Using the listing below, set down each line from the line containing "#134=ORIENTED_EDGE('',*,*,#133,.F.);" through the line containing "#186=EDGE_LOOP('',(#185));", both ends included, exactly and with nothing added.

§ Supplied entries:

- Opening Delimiter -

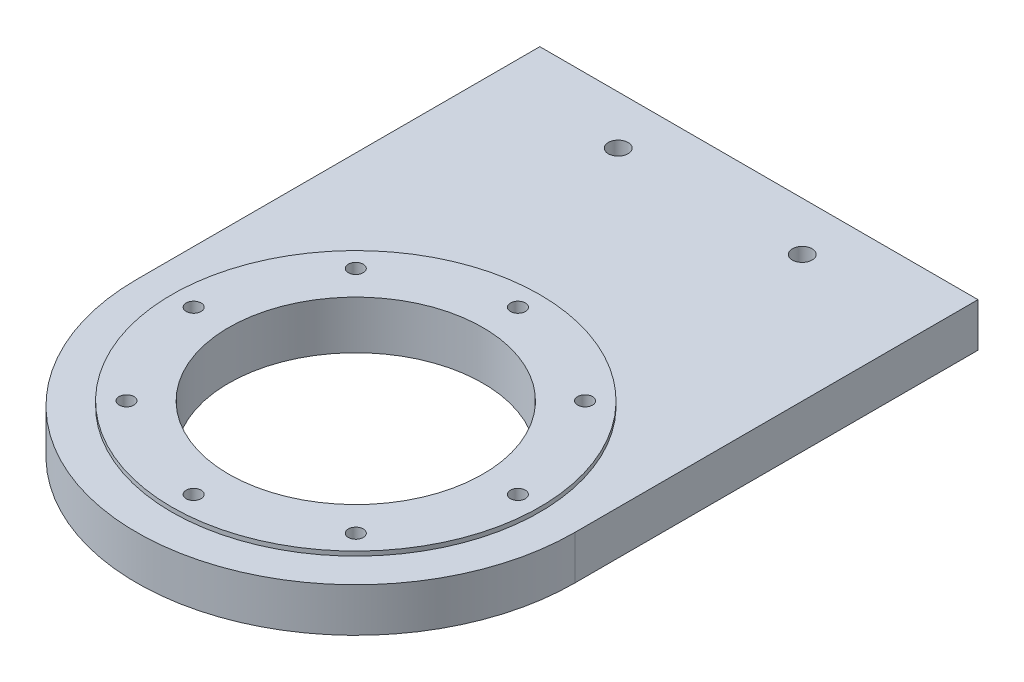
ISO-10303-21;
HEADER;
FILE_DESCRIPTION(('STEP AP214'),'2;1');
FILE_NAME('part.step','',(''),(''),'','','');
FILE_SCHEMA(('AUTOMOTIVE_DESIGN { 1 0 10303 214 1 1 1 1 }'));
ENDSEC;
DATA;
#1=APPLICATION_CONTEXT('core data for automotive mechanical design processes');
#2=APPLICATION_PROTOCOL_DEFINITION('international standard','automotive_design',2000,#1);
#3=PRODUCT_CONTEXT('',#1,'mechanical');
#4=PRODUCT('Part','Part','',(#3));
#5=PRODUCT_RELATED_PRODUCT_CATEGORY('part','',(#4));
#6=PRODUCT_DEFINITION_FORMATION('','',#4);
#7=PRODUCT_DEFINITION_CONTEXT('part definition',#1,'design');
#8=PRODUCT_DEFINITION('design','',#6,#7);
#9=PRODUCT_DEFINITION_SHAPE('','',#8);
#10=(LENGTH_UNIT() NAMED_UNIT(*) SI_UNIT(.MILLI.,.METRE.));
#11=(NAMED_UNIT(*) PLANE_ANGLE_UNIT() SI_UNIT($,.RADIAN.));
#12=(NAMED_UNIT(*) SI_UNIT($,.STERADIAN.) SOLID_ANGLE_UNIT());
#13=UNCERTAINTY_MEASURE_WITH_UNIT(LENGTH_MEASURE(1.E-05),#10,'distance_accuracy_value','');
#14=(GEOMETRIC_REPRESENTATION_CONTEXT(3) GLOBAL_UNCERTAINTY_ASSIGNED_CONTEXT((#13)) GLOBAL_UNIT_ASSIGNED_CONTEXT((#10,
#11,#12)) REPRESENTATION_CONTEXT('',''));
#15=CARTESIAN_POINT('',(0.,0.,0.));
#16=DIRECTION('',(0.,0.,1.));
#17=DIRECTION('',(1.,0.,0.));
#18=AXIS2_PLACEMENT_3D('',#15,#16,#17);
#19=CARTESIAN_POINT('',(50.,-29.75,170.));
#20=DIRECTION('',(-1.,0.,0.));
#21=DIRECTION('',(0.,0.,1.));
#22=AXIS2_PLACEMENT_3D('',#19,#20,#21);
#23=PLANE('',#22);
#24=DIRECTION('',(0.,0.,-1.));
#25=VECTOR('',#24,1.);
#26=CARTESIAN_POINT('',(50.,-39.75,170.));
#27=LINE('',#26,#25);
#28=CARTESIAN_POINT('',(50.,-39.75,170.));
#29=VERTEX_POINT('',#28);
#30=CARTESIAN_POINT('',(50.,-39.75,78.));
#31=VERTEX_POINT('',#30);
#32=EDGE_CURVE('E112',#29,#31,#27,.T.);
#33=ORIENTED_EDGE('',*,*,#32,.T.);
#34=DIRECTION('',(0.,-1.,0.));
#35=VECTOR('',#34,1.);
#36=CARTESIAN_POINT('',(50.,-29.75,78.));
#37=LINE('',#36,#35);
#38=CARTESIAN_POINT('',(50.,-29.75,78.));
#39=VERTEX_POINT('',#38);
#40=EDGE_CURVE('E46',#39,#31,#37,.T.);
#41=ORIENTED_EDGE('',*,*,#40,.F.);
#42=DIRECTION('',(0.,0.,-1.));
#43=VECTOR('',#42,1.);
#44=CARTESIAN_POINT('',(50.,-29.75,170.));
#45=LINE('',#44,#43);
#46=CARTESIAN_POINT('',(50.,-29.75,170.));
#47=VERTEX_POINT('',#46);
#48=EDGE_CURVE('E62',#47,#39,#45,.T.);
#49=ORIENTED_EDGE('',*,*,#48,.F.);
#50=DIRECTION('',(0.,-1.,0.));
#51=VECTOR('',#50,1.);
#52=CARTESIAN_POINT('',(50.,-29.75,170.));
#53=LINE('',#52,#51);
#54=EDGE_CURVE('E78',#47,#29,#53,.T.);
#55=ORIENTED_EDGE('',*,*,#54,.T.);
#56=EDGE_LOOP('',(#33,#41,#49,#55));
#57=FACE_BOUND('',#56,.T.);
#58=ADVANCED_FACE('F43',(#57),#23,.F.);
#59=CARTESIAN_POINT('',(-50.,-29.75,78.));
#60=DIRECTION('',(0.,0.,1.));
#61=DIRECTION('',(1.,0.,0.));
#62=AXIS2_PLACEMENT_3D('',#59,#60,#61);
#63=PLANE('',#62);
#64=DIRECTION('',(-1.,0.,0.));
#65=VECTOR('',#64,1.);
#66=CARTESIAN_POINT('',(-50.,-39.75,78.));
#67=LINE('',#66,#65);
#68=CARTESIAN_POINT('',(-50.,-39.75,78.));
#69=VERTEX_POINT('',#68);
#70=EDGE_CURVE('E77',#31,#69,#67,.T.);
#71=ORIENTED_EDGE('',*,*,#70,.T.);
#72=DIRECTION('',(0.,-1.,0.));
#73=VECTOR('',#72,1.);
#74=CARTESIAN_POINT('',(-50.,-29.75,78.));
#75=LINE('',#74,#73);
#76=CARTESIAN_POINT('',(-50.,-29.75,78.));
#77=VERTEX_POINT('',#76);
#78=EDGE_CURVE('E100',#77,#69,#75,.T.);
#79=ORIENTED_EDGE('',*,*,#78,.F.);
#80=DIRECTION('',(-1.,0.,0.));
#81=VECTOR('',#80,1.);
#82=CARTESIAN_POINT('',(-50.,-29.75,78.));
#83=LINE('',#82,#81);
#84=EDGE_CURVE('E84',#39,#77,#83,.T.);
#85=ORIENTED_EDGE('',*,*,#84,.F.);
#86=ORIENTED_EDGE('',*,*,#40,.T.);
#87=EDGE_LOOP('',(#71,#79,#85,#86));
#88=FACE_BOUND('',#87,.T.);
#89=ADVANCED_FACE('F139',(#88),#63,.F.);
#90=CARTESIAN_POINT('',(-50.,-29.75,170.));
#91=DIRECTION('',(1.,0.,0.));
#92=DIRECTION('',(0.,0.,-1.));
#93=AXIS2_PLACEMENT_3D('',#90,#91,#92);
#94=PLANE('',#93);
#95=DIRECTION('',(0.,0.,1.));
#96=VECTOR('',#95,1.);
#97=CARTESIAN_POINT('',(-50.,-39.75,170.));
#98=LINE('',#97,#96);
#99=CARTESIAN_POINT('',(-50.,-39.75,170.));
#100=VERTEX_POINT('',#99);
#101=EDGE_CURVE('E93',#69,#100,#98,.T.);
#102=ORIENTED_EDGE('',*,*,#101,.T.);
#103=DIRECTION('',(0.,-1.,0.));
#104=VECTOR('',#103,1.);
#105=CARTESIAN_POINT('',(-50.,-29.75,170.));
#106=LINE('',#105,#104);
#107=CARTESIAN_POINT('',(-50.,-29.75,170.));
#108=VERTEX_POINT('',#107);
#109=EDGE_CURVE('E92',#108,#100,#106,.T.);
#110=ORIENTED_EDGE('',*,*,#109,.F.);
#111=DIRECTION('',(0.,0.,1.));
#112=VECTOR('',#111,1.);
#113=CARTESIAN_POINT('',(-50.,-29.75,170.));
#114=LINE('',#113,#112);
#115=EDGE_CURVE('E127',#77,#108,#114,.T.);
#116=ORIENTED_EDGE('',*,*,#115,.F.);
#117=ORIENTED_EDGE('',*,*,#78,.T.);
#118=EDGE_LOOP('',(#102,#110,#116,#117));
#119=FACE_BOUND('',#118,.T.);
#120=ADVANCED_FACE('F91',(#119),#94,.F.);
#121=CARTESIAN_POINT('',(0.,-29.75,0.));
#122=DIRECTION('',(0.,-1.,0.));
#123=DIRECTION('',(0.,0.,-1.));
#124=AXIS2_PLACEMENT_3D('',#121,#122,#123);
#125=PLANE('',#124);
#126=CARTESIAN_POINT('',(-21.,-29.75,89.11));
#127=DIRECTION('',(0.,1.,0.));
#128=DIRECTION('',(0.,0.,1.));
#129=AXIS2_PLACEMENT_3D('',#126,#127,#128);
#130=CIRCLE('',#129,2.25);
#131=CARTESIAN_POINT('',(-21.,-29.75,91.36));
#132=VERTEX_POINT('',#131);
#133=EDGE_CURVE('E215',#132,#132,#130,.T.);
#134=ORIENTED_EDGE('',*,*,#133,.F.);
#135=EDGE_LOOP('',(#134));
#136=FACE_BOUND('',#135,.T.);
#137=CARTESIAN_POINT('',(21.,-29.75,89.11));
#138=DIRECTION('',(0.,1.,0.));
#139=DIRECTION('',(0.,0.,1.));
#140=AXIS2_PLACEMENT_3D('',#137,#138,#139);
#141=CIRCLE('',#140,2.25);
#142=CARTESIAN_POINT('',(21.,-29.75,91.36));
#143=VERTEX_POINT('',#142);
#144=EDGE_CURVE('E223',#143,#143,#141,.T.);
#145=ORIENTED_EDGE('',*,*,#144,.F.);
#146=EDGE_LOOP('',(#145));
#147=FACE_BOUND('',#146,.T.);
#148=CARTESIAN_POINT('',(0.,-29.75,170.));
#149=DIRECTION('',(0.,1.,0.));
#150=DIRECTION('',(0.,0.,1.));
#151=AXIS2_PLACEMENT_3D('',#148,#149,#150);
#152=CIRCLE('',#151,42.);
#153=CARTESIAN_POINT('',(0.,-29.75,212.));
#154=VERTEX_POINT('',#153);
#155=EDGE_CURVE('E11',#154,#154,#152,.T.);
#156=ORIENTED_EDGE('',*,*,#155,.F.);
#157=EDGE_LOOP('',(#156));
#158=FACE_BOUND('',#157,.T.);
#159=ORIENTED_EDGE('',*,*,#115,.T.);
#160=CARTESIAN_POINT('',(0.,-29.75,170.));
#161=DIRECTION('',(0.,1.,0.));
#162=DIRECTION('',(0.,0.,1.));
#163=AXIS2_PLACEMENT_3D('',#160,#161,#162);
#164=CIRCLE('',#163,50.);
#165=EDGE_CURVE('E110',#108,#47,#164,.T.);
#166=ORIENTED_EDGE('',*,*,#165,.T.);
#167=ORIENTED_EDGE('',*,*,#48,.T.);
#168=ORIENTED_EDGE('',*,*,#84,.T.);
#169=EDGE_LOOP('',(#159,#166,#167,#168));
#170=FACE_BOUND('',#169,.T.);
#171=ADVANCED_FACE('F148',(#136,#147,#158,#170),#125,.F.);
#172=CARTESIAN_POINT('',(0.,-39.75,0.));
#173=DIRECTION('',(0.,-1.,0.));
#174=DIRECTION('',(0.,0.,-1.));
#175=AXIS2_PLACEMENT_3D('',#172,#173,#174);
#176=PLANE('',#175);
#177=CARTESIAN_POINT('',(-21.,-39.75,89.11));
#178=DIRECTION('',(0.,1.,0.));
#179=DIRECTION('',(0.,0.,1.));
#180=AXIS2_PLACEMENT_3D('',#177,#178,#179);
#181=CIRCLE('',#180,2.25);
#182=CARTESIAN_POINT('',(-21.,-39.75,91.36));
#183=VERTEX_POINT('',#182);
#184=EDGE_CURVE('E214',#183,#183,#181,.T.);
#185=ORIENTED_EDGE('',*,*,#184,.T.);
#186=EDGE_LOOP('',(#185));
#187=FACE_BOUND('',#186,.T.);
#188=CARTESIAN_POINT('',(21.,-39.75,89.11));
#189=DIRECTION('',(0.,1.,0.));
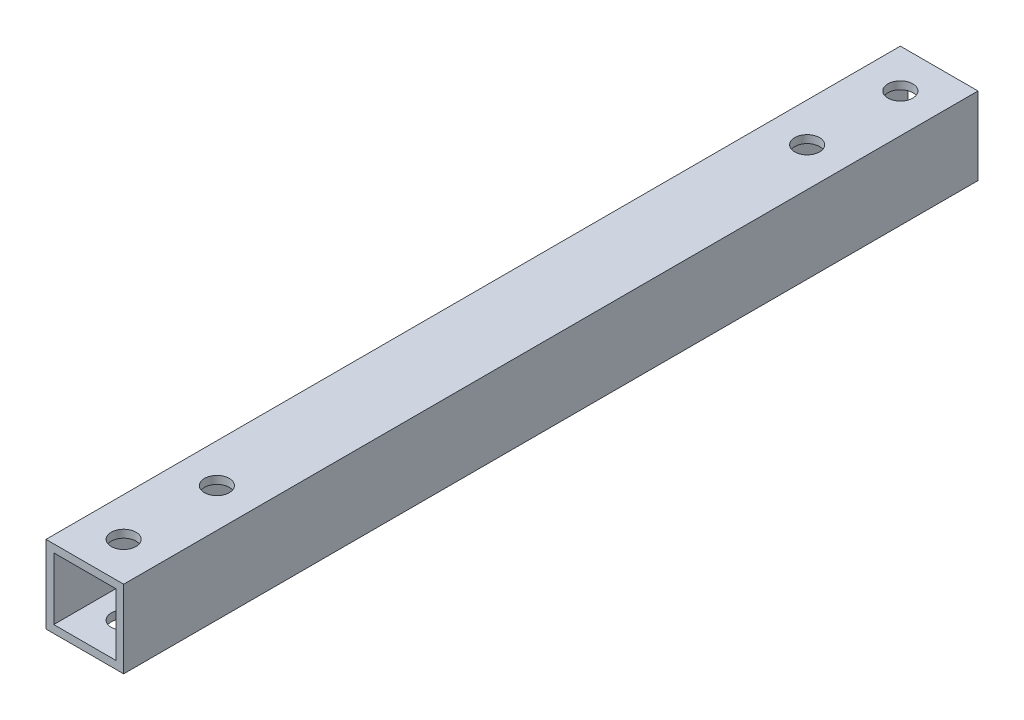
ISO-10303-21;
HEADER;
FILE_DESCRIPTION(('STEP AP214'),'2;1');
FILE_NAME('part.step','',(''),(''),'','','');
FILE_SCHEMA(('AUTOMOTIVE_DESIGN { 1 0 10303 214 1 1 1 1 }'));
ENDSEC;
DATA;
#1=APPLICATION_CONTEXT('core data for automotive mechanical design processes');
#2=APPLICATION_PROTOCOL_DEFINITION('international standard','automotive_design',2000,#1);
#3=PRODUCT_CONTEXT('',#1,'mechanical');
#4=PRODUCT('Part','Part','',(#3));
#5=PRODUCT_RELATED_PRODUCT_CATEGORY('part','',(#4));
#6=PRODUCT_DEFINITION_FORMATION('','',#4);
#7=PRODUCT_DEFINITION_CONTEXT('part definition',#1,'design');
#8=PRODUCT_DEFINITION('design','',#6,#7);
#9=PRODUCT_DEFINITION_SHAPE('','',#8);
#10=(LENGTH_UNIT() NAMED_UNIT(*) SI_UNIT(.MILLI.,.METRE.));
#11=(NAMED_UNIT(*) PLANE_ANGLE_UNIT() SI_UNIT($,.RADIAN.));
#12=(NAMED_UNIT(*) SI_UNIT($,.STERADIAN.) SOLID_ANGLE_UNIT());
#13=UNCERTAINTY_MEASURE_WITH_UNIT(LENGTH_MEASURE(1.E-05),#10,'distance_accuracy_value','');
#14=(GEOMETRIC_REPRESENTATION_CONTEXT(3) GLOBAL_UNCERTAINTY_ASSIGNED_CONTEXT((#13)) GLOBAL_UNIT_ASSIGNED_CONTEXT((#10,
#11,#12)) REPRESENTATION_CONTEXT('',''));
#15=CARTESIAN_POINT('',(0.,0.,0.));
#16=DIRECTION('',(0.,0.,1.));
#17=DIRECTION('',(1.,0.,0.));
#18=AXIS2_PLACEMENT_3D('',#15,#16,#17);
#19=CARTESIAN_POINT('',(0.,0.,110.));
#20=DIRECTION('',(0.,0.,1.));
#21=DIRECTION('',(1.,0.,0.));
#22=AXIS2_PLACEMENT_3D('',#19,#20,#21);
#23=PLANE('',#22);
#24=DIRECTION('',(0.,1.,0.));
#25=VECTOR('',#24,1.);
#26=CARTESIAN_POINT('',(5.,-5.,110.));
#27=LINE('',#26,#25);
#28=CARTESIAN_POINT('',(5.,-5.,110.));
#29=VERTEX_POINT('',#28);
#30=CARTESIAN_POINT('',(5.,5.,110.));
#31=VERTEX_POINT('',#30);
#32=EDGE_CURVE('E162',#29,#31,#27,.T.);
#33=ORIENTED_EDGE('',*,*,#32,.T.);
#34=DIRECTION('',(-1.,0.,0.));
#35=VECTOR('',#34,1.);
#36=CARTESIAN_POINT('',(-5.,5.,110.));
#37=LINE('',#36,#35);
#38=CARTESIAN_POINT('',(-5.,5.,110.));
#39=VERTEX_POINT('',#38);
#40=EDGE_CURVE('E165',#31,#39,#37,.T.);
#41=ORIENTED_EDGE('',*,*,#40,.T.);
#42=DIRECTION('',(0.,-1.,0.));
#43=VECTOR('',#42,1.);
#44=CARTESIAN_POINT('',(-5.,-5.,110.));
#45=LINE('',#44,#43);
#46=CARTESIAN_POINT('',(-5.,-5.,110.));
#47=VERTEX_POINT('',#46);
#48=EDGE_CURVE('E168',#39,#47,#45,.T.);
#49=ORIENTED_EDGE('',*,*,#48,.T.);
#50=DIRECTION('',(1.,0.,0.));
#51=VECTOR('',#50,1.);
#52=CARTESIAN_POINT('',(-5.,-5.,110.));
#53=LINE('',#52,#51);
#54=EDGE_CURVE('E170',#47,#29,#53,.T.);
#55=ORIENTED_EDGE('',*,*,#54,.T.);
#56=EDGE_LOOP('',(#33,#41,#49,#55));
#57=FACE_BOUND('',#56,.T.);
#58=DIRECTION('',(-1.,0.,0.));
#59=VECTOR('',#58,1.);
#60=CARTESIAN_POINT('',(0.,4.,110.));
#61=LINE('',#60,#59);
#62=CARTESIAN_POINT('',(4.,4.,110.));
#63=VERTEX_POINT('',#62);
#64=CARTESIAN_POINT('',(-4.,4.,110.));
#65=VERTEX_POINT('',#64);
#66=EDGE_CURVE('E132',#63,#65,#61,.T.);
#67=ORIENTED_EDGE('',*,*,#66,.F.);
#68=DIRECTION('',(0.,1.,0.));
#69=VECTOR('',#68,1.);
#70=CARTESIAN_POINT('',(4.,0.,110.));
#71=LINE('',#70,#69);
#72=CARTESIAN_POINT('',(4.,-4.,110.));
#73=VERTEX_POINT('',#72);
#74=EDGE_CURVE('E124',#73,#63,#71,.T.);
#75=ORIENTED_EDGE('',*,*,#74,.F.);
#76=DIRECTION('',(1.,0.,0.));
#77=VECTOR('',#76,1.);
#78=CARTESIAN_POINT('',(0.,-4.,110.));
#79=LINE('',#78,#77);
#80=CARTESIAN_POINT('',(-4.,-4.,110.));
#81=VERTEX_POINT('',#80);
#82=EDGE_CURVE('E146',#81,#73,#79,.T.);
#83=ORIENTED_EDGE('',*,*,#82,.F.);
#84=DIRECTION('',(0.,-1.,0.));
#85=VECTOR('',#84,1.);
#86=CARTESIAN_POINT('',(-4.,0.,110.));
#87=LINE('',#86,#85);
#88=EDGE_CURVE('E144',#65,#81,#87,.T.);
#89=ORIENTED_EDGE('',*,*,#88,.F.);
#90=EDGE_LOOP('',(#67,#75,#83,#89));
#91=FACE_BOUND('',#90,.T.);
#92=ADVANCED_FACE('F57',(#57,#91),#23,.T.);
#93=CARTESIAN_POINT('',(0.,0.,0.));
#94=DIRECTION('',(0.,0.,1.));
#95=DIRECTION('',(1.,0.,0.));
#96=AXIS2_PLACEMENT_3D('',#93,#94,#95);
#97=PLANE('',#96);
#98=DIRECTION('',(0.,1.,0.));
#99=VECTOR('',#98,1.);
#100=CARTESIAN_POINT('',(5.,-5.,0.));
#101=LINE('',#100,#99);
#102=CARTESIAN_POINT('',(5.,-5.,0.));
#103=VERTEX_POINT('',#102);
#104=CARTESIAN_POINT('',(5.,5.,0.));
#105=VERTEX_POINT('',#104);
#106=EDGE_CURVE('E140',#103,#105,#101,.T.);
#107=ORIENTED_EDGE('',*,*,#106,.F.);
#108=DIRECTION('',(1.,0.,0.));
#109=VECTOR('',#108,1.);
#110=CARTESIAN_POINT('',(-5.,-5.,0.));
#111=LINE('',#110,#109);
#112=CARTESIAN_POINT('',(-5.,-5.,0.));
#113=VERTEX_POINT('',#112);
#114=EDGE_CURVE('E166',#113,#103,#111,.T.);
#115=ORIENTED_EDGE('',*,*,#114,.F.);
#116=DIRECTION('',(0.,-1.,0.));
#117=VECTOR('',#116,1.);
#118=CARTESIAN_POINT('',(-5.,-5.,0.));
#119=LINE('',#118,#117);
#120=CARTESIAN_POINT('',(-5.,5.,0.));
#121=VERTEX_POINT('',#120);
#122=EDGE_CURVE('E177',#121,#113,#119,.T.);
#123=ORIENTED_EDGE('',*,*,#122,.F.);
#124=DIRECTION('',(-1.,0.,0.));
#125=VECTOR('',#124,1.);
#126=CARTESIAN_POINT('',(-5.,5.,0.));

- Closing Delimiter -

§ Solved exercise:
#134=ORIENTED_EDGE('',*,*,#133,.F.);
#135=EDGE_LOOP('',(#134));
#136=FACE_BOUND('',#135,.T.);
#137=CARTESIAN_POINT('',(21.,-29.75,89.11));
#138=DIRECTION('',(0.,1.,0.));
#139=DIRECTION('',(0.,0.,1.));
#140=AXIS2_PLACEMENT_3D('',#137,#138,#139);
#141=CIRCLE('',#140,2.25);
#142=CARTESIAN_POINT('',(21.,-29.75,91.36));
#143=VERTEX_POINT('',#142);
#144=EDGE_CURVE('E223',#143,#143,#141,.T.);
#145=ORIENTED_EDGE('',*,*,#144,.F.);
#146=EDGE_LOOP('',(#145));
#147=FACE_BOUND('',#146,.T.);
#148=CARTESIAN_POINT('',(0.,-29.75,170.));
#149=DIRECTION('',(0.,1.,0.));
#150=DIRECTION('',(0.,0.,1.));
#151=AXIS2_PLACEMENT_3D('',#148,#149,#150);
#152=CIRCLE('',#151,42.);
#153=CARTESIAN_POINT('',(0.,-29.75,212.));
#154=VERTEX_POINT('',#153);
#155=EDGE_CURVE('E11',#154,#154,#152,.T.);
#156=ORIENTED_EDGE('',*,*,#155,.F.);
#157=EDGE_LOOP('',(#156));
#158=FACE_BOUND('',#157,.T.);
#159=ORIENTED_EDGE('',*,*,#115,.T.);
#160=CARTESIAN_POINT('',(0.,-29.75,170.));
#161=DIRECTION('',(0.,1.,0.));
#162=DIRECTION('',(0.,0.,1.));
#163=AXIS2_PLACEMENT_3D('',#160,#161,#162);
#164=CIRCLE('',#163,50.);
#165=EDGE_CURVE('E110',#108,#47,#164,.T.);
#166=ORIENTED_EDGE('',*,*,#165,.T.);
#167=ORIENTED_EDGE('',*,*,#48,.T.);
#168=ORIENTED_EDGE('',*,*,#84,.T.);
#169=EDGE_LOOP('',(#159,#166,#167,#168));
#170=FACE_BOUND('',#169,.T.);
#171=ADVANCED_FACE('F148',(#136,#147,#158,#170),#125,.F.);
#172=CARTESIAN_POINT('',(0.,-39.75,0.));
#173=DIRECTION('',(0.,-1.,0.));
#174=DIRECTION('',(0.,0.,-1.));
#175=AXIS2_PLACEMENT_3D('',#172,#173,#174);
#176=PLANE('',#175);
#177=CARTESIAN_POINT('',(-21.,-39.75,89.11));
#178=DIRECTION('',(0.,1.,0.));
#179=DIRECTION('',(0.,0.,1.));
#180=AXIS2_PLACEMENT_3D('',#177,#178,#179);
#181=CIRCLE('',#180,2.25);
#182=CARTESIAN_POINT('',(-21.,-39.75,91.36));
#183=VERTEX_POINT('',#182);
#184=EDGE_CURVE('E214',#183,#183,#181,.T.);
#185=ORIENTED_EDGE('',*,*,#184,.T.);
#186=EDGE_LOOP('',(#185));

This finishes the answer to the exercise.